By Matthew Russell Lee

UNITED NATIONS, May 4 -- When Iran dropped its candidacy for a seat on the UN Human Rights Council last month, some described it as restoring at least some credibility to the UN, as when Bosnia stepped in and beat out Belarus for a seat two years ago.

But when Inner City Press asked President Mahmoud Ahmadinejad about Iran's successful replacement candidacy, for a seat on the UN Commission on the Status of Women, despite gender discrimination and repression, Ahmadinejad had a different and lengthy answer.
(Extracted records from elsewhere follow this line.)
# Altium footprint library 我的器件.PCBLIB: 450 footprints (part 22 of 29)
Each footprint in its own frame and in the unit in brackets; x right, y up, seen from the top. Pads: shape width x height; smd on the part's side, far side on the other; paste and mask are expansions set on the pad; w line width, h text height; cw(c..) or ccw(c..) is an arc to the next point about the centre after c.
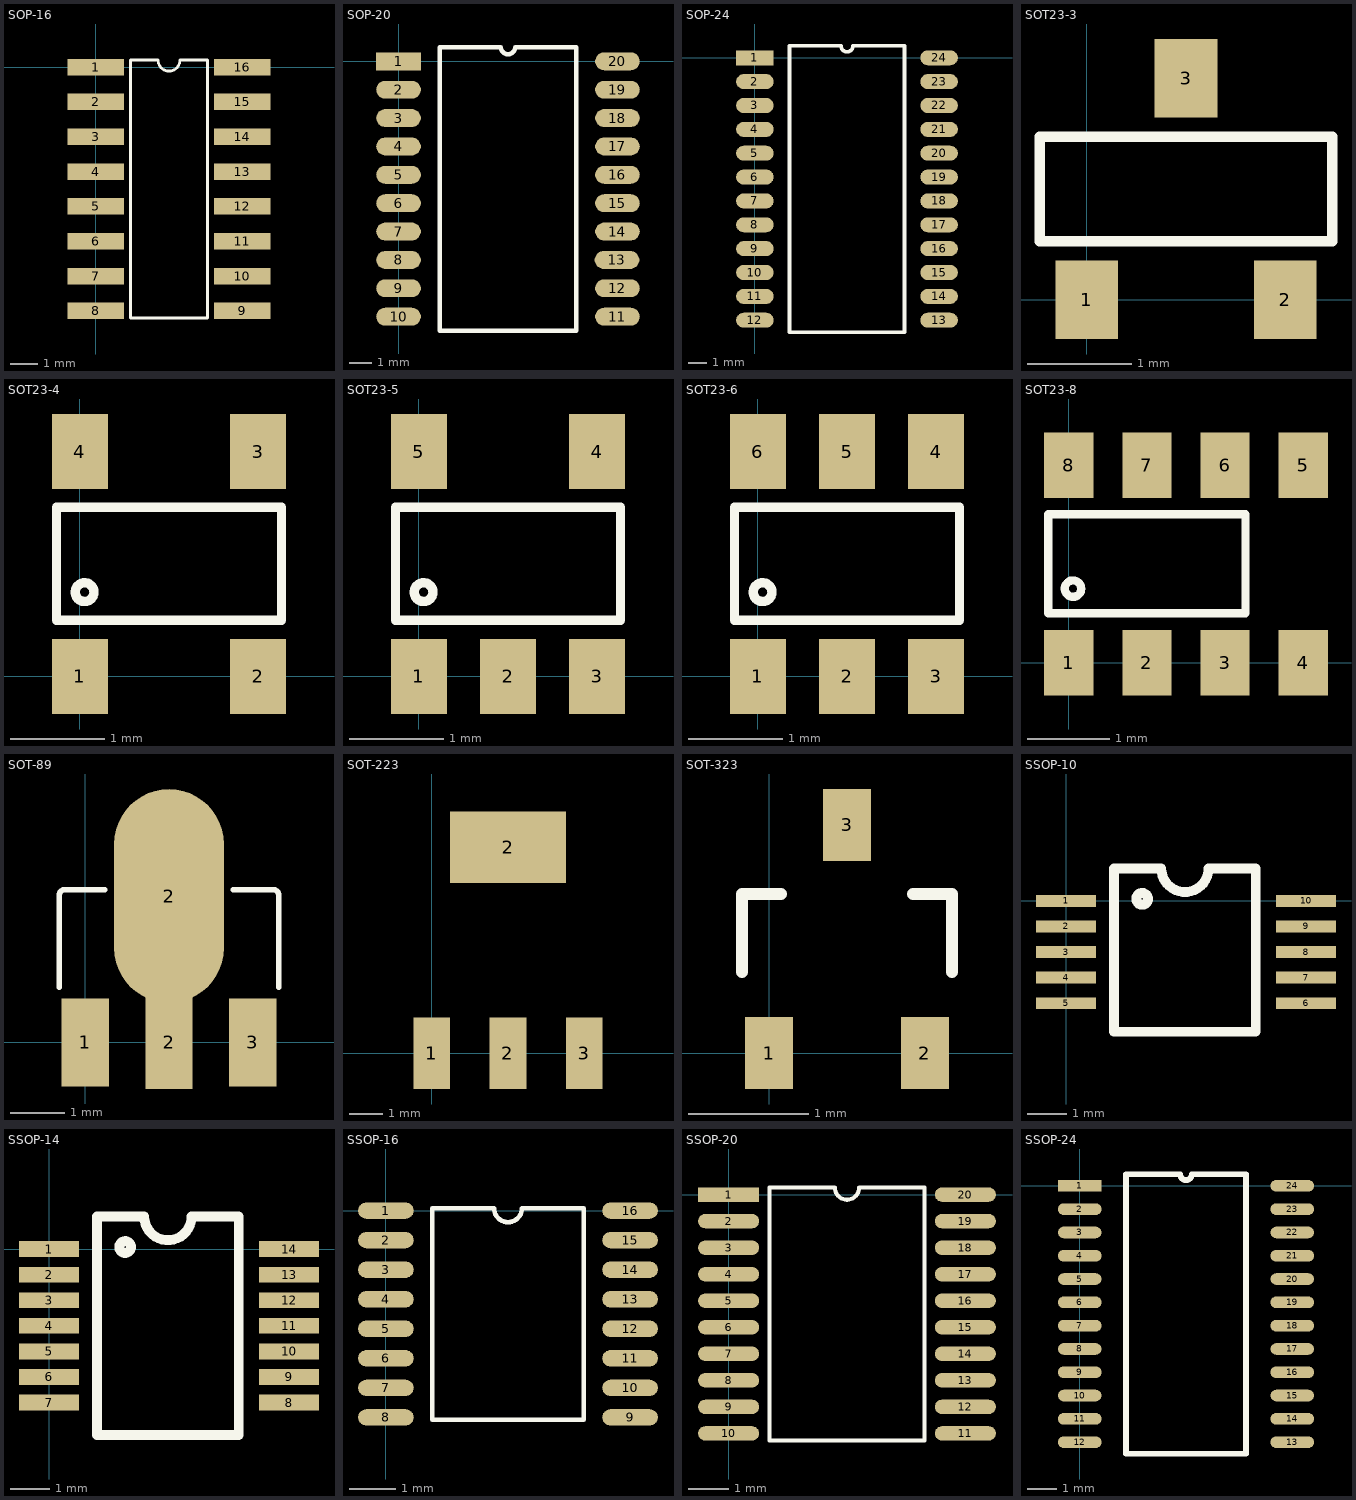
[diagram p21: the footprints below, top view; thin cyan lines are the x and y axes]

## SOP-16 [mm]
height 2
pads (16):
  rect 2.05x0.6 smd: 1(0,0) 2(0,-1.27) 3(0,-2.54) 4(0,-3.81) 5(0,-5.08) 6(0,-6.35) 7(0,-7.62) 8(0,-8.89) 9(5.35,-8.89) 10(5.35,-7.62) 11(5.35,-6.35) 12(5.35,-5.08) 13(5.35,-3.81) 14(5.35,-2.54) 15(5.35,-1.27) 16(5.35,0)
Top Overlay:
  lines w0.1: 4.075,0.255 ccw(c4.075,0.255) 4.075,0.255 ; 4.075,0.255 4.075,-9.145 1.275,-9.145 1.275,0.255 2.275,0.255 ccw(c2.675,0.255) 2.675,-0.145 ccw(c2.675,0.255) 3.075,0.255 4.075,0.255 ; 3.175,0.255 ccw(c3.175,0.255) 3.175,0.255
3D body: height 1.5, standoff 0.2, extent 0.675,-9.445 4.675,0.555
3D body: height 0.2, standoff 0, extent -0.457,-0.254 0.243,0.254
3D body: height 0.9, standoff 0, extent 0.243,-0.254 0.446,0.254
3D body: height 0.9, standoff 0.7, extent 0.446,-0.254 0.7,0.254
3D body: height 1.61, standoff 0.1, extent 1.178,-0.726 2.174,0.272
3D body: height 0.9, standoff 0.7, extent 0.446,-1.524 0.7,-1.016
3D body: height 0.9, standoff 0, extent 0.243,-1.524 0.446,-1.016
3D body: height 0.2, standoff 0, extent -0.457,-1.524 0.243,-1.016
3D body: height 0.9, standoff 0.7, extent 0.446,-2.794 0.7,-2.286
3D body: height 0.9, standoff 0, extent 0.243,-2.794 0.446,-2.286
3D body: height 0.2, standoff 0, extent -0.457,-2.794 0.243,-2.286
3D body: height 0.9, standoff 0.7, extent 0.446,-4.064 0.7,-3.556
3D body: height 0.9, standoff 0, extent 0.243,-4.064 0.446,-3.556
3D body: height 0.2, standoff 0, extent -0.457,-4.064 0.243,-3.556
3D body: height 0.9, standoff 0.7, extent 0.446,-5.334 0.7,-4.826
3D body: height 0.9, standoff 0, extent 0.243,-5.334 0.446,-4.826
3D body: height 0.2, standoff 0, extent -0.457,-5.334 0.243,-4.826
3D body: height 0.9, standoff 0.7, extent 0.446,-6.604 0.7,-6.096
3D body: height 0.9, standoff 0, extent 0.243,-6.604 0.446,-6.096
3D body: height 0.2, standoff 0, extent -0.457,-6.604 0.243,-6.096
3D body: height 0.9, standoff 0.7, extent 0.446,-7.874 0.7,-7.366
3D body: height 0.9, standoff 0, extent 0.243,-7.874 0.446,-7.366
3D body: height 0.2, standoff 0, extent -0.457,-7.874 0.243,-7.366
3D body: height 0.9, standoff 0.7, extent 0.446,-9.144 0.7,-8.636
3D body: height 0.9, standoff 0, extent 0.243,-9.144 0.446,-8.636
3D body: height 0.2, standoff 0, extent -0.457,-9.144 0.243,-8.636
3D body: height 0.9, standoff 0.7, extent 4.65,-9.144 4.904,-8.636
3D body: height 0.9, standoff 0, extent 4.904,-9.144 5.107,-8.636
3D body: height 0.2, standoff 0, extent 5.107,-9.144 5.807,-8.636
3D body: height 0.9, standoff 0.7, extent 4.65,-7.874 4.904,-7.366
3D body: height 0.9, standoff 0, extent 4.904,-7.874 5.107,-7.366
3D body: height 0.2, standoff 0, extent 5.107,-7.874 5.807,-7.366
3D body: height 0.9, standoff 0.7, extent 4.65,-6.604 4.904,-6.096
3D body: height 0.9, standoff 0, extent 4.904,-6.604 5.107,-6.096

  He said the switch was procedural, that Iran had always wanted the CSW seat more than the Human Rights Council, which within the Asia Group Pakistan was supposed to run for. Due to a misunderstanding, Ahmadinejad said, Iran temporarily made a grab for the HRC, before returning to the seat promised to it, on the Commission on the Status of Women.

  But how does Iran intend to use the seat, Inner City Press asked, since it has refused to sign the Convention on the Elimination of Discrimination against Women? We will never sign that, Ahmadinejad vowed. He went to on paint of picture of "love and complementariness" in Iran.

Women won't do menial jobs in Iran, he said, nothing "like you and me, cleaning the street or driving a truck." He said he had read that 70% of married women in Europe suffer physical abuse, but refuse to complain for fear of losing their families. Women are better off, he concluded, in Iran than in Europe.

UN's Ban and Ahmadinejad, human rights not shown

Ahmadinejad's answers came during a more than one hour long press conference held Tuesday across the street from the UN. The room in the Millennium Hotel was full, with journalists from the Daily News, Washington Post and wires, and even Christiane Amanpour (who was not called on).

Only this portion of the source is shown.